Mineralium Deposita

, 44:363 | Cite as

Zinc–germanium ores of the Tres Marias Mine, Chihuahua, Mexico

  • Bernhardt Saini-Eidukat
  • Frank Melcher
  • Jerzy Lodziak


The Tres Marias carbonate-hosted Zn–Ge deposit in Chihuahua, Mexico contains sphalerite with the highest average Ge (960 ppm) and willemite with the highest reported Ge contents of Mississippi-Valley-type (MVT) deposits worldwide. This has prompted current exploration efforts to focus on the deposit as a high-grade source of germanium. The sulfide-rich ore type (>125,000 t at 20% Zn and 250 g/t Ge) contains Fe-rich botryoidal sphalerite (type I) associated with solid hydrocarbons. This type exhibits distinctive intimately intergrown lamellar texture of high-Fe sphalerite (average 9.9 wt.% Fe and 800 ppm Ge) and a somewhat less Fe-rich sphalerite phase (average 5.5 wt.% Fe and 470 ppm Ge). Reddish-brown banded sphalerite (type II, average 5.7 wt.% Fe and 1,320 ppm Ge) is subordinately followed by galena and pyrite. The sulfide-poor “oxidized” zinc ore (up to 50 wt.% Zn; 250 to 300 ppm Ge) is a fine-grained, often friable, alteration product of the sulfide ore and associated limestone and breccia host. While some areas are dominated by carbonates and sulfates, others are enriched in silicates such as hemimorphite and willemite. The gangue assemblage includes goethite, hematite, and amorphous silica or quartz. Minor wulfenite, greenockite, cinnabar, and descloizite also occur. Willemite occurs as interstitial replacement of sphalerite and fracture fillings in the oxidized ore and can be unusually rich in Pb (up to 2.0 wt.%) and Ge (up to 4,000 ppm). Oscillatory zonation reflects trace element incorporation into willemite from the oxidation of primary Ge-bearing sphalerite and galena by siliceous aqueous fluids. The Tres Marias deposit has hybrid characteristics consisting of a primary low-temperature MVT Ge-rich Zn–Pb sulfide ore body, overprinted by Ge-rich hemimorphite, willemite, and Fe oxide mineralization.

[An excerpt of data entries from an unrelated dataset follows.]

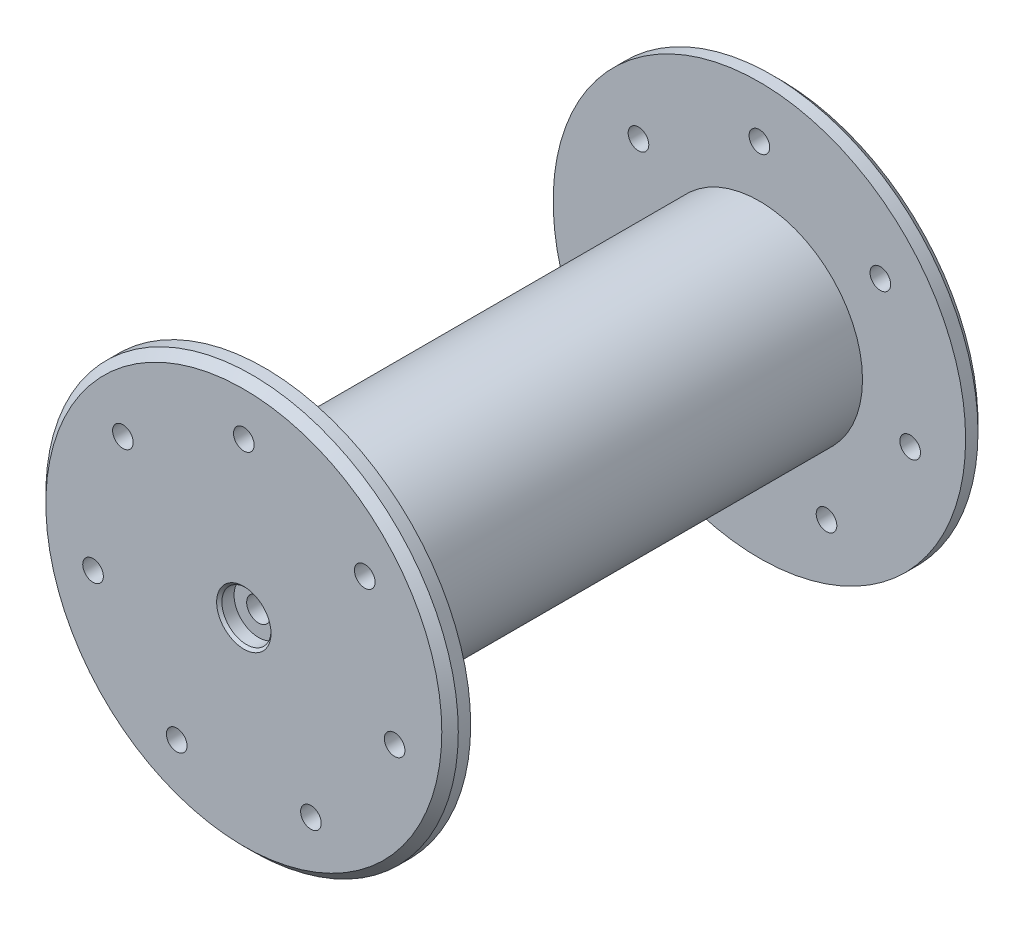
ISO-10303-21;
HEADER;
FILE_DESCRIPTION(('STEP AP214'),'2;1');
FILE_NAME('part.step','',(''),(''),'','','');
FILE_SCHEMA(('AUTOMOTIVE_DESIGN { 1 0 10303 214 1 1 1 1 }'));
ENDSEC;
DATA;
#1=APPLICATION_CONTEXT('core data for automotive mechanical design processes');
#2=APPLICATION_PROTOCOL_DEFINITION('international standard','automotive_design',2000,#1);
#3=PRODUCT_CONTEXT('',#1,'mechanical');
#4=PRODUCT('Part','Part','',(#3));
#5=PRODUCT_RELATED_PRODUCT_CATEGORY('part','',(#4));
#6=PRODUCT_DEFINITION_FORMATION('','',#4);
#7=PRODUCT_DEFINITION_CONTEXT('part definition',#1,'design');
#8=PRODUCT_DEFINITION('design','',#6,#7);
#9=PRODUCT_DEFINITION_SHAPE('','',#8);
#10=(LENGTH_UNIT() NAMED_UNIT(*) SI_UNIT(.MILLI.,.METRE.));
#11=(NAMED_UNIT(*) PLANE_ANGLE_UNIT() SI_UNIT($,.RADIAN.));
#12=(NAMED_UNIT(*) SI_UNIT($,.STERADIAN.) SOLID_ANGLE_UNIT());
#13=UNCERTAINTY_MEASURE_WITH_UNIT(LENGTH_MEASURE(1.E-05),#10,'distance_accuracy_value','');
#14=(GEOMETRIC_REPRESENTATION_CONTEXT(3) GLOBAL_UNCERTAINTY_ASSIGNED_CONTEXT((#13)) GLOBAL_UNIT_ASSIGNED_CONTEXT((#10,
#11,#12)) REPRESENTATION_CONTEXT('',''));
#15=CARTESIAN_POINT('',(0.,0.,0.));
#16=DIRECTION('',(0.,0.,1.));
#17=DIRECTION('',(1.,0.,0.));
#18=AXIS2_PLACEMENT_3D('',#15,#16,#17);
#19=CARTESIAN_POINT('',(0.,0.,60.));
#20=DIRECTION('',(0.,0.,-1.));
#21=DIRECTION('',(-1.,0.,0.));
#22=AXIS2_PLACEMENT_3D('',#19,#20,#21);
#23=CYLINDRICAL_SURFACE('',#22,25.);
#24=CARTESIAN_POINT('',(0.,0.,60.));
#25=DIRECTION('',(0.,0.,1.));
#26=DIRECTION('',(1.,0.,0.));
#27=AXIS2_PLACEMENT_3D('',#24,#25,#26);
#28=CIRCLE('',#27,25.);
#29=CARTESIAN_POINT('',(25.,0.,60.));
#30=VERTEX_POINT('',#29);
#31=EDGE_CURVE('E92',#30,#30,#28,.T.);
#32=ORIENTED_EDGE('',*,*,#31,.F.);
#33=EDGE_LOOP('',(#32));
#34=FACE_BOUND('',#33,.T.);
#35=CARTESIAN_POINT('',(0.,0.,-60.));
#36=DIRECTION('',(0.,0.,1.));
#37=DIRECTION('',(1.,0.,0.));
#38=AXIS2_PLACEMENT_3D('',#35,#36,#37);
#39=CIRCLE('',#38,25.);
#40=CARTESIAN_POINT('',(25.,0.,-60.));
#41=VERTEX_POINT('',#40);
#42=EDGE_CURVE('E93',#41,#41,#39,.T.);
#43=ORIENTED_EDGE('',*,*,#42,.T.);
#44=EDGE_LOOP('',(#43));
#45=FACE_BOUND('',#44,.T.);
#46=ADVANCED_FACE('F37',(#34,#45),#23,.T.);
#47=CARTESIAN_POINT('',(0.,0.,65.));
#48=DIRECTION('',(0.,0.,-1.));
#49=DIRECTION('',(-1.,0.,0.));
#50=AXIS2_PLACEMENT_3D('',#47,#48,#49);
#51=CYLINDRICAL_SURFACE('',#50,50.);
#52=CARTESIAN_POINT('',(0.,0.,63.));
#53=DIRECTION('',(0.,0.,1.));
#54=DIRECTION('',(1.,0.,0.));
#55=AXIS2_PLACEMENT_3D('',#52,#53,#54);
#56=CIRCLE('',#55,50.);
#57=CARTESIAN_POINT('',(50.,0.,63.));
#58=VERTEX_POINT('',#57);
#59=EDGE_CURVE('E50',#58,#58,#56,.F.);
#60=ORIENTED_EDGE('',*,*,#59,.T.);
#61=EDGE_LOOP('',(#60));
#62=FACE_BOUND('',#61,.T.);
#63=CARTESIAN_POINT('',(0.,0.,60.));
#64=DIRECTION('',(0.,0.,1.));
#65=DIRECTION('',(1.,0.,0.));
#66=AXIS2_PLACEMENT_3D('',#63,#64,#65);
#67=CIRCLE('',#66,50.);
#68=CARTESIAN_POINT('',(50.,0.,60.));
#69=VERTEX_POINT('',#68);
#70=EDGE_CURVE('E87',#69,#69,#67,.T.);
#71=ORIENTED_EDGE('',*,*,#70,.T.);
#72=EDGE_LOOP('',(#71));
#73=FACE_BOUND('',#72,.T.);
#74=ADVANCED_FACE('F268',(#62,#73),#51,.T.);
#75=CARTESIAN_POINT('',(0.,0.,65.));
#76=DIRECTION('',(0.,0.,1.));
#77=DIRECTION('',(1.,0.,0.));
#78=AXIS2_PLACEMENT_3D('',#75,#76,#77);
#79=PLANE('',#78);
#80=CARTESIAN_POINT('',(0.,0.,65.));
#81=DIRECTION('',(0.,0.,1.));
#82=DIRECTION('',(1.,0.,0.));
#83=AXIS2_PLACEMENT_3D('',#80,#81,#82);
#84=CIRCLE('',#83,6.58876);
#85=CARTESIAN_POINT('',(6.58876,0.,65.));
#86=VERTEX_POINT('',#85);
#87=EDGE_CURVE('E97',#86,#86,#84,.T.);
#88=ORIENTED_EDGE('',*,*,#87,.F.);
#89=EDGE_LOOP('',(#88));
#90=FACE_BOUND('',#89,.T.);
#91=CARTESIAN_POINT('',(-29.3186805925508,23.3808675697029,65.));
#92=DIRECTION('',(0.,0.,1.));
#93=DIRECTION('',(0.623489801858743,0.781831482468022,0.));
#94=AXIS2_PLACEMENT_3D('',#91,#92,#93);
#95=CIRCLE('',#94,2.5);
#96=CARTESIAN_POINT('',(-27.759956087904,25.3354462758729,65.));
#97=VERTEX_POINT('',#96);
#98=EDGE_CURVE('E112',#97,#97,#95,.T.);
#99=ORIENTED_EDGE('',*,*,#98,.F.);
#100=EDGE_LOOP('',(#99));
#101=FACE_BOUND('',#100,.T.);
#102=CARTESIAN_POINT('',(-36.5597967068185,-8.34453502336144,65.));
#103=DIRECTION('',(0.,0.,1.));
#104=DIRECTION('',(-0.222520933956305,0.974927912181826,0.));
#105=AXIS2_PLACEMENT_3D('',#102,#103,#104);
#106=CIRCLE('',#105,2.5);
#107=CARTESIAN_POINT('',(-37.1160990417092,-5.90721524290687,65.));
#108=VERTEX_POINT('',#107);
#109=EDGE_CURVE('E116',#108,#108,#106,.T.);
#110=ORIENTED_EDGE('',*,*,#109,.F.);
#111=EDGE_LOOP('',(#110));
#112=FACE_BOUND('',#111,.T.);
#113=CARTESIAN_POINT('',(-16.2706402169087,-33.7863325463406,65.));
#114=DIRECTION('',(0.,0.,1.));
#115=DIRECTION('',(-0.900968867902416,0.433883739117565,0.));
#116=AXIS2_PLACEMENT_3D('',#113,#114,#115);
#117=CIRCLE('',#116,2.5);
#118=CARTESIAN_POINT('',(-18.5230623866647,-32.7016231985467,65.));
#119=VERTEX_POINT('',#118);
#120=EDGE_CURVE('E121',#119,#119,#117,.T.);
#121=ORIENTED_EDGE('',*,*,#120,.F.);
#122=EDGE_LOOP('',(#121));
#123=FACE_BOUND('',#122,.T.);
#124=CARTESIAN_POINT('',(16.2706402169082,-33.7863325463408,65.));
#125=DIRECTION('',(0.,0.,1.));
#126=DIRECTION('',(-0.900968867902422,-0.433883739117553,0.));
#127=AXIS2_PLACEMENT_3D('',#124,#125,#126);
#128=CIRCLE('',#127,2.5);
#129=CARTESIAN_POINT('',(14.0182180471522,-34.8710418941347,65.));
#130=VERTEX_POINT('',#129);
#131=EDGE_CURVE('E125',#130,#130,#128,.T.);
#132=ORIENTED_EDGE('',*,*,#131,.F.);
#133=EDGE_LOOP('',(#132));
#134=FACE_BOUND('',#133,.T.);
#135=CARTESIAN_POINT('',(36.5597967068184,-8.34453502336193,65.));
#136=DIRECTION('',(0.,0.,1.));
#137=DIRECTION('',(-0.222520933956318,-0.974927912181823,0.));
#138=AXIS2_PLACEMENT_3D('',#135,#136,#137);
#139=CIRCLE('',#138,2.5);
#140=CARTESIAN_POINT('',(36.0034943719276,-10.7818548038165,65.));
#141=VERTEX_POINT('',#140);
#142=EDGE_CURVE('E111',#141,#141,#139,.T.);
#143=ORIENTED_EDGE('',*,*,#142,.F.);
#144=EDGE_LOOP('',(#143));
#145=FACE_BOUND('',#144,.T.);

Tres Marias Mexico Willemite Sphalerite Germanium Mississippi Valley type 



This research was undertaken while BSE was a Senior Researcher at the Federal Institute for Geosciences and Natural Resources (BGR) funded by the German–American Fulbright Commission. North Dakota State University is gratefully acknowledged for providing developmental leave to carry out this research. We thank Dan Reetz for assistance with artwork, and Dave Hackman, Roberto del Rio, and Alistair Logan of War Eagle Mining for their support in the field and with artwork. Ulf Hemmerling (Technical University of Clausthal) provided excellent polished sections. Support by Thomas Oberthür (BGR) is greatly appreciated.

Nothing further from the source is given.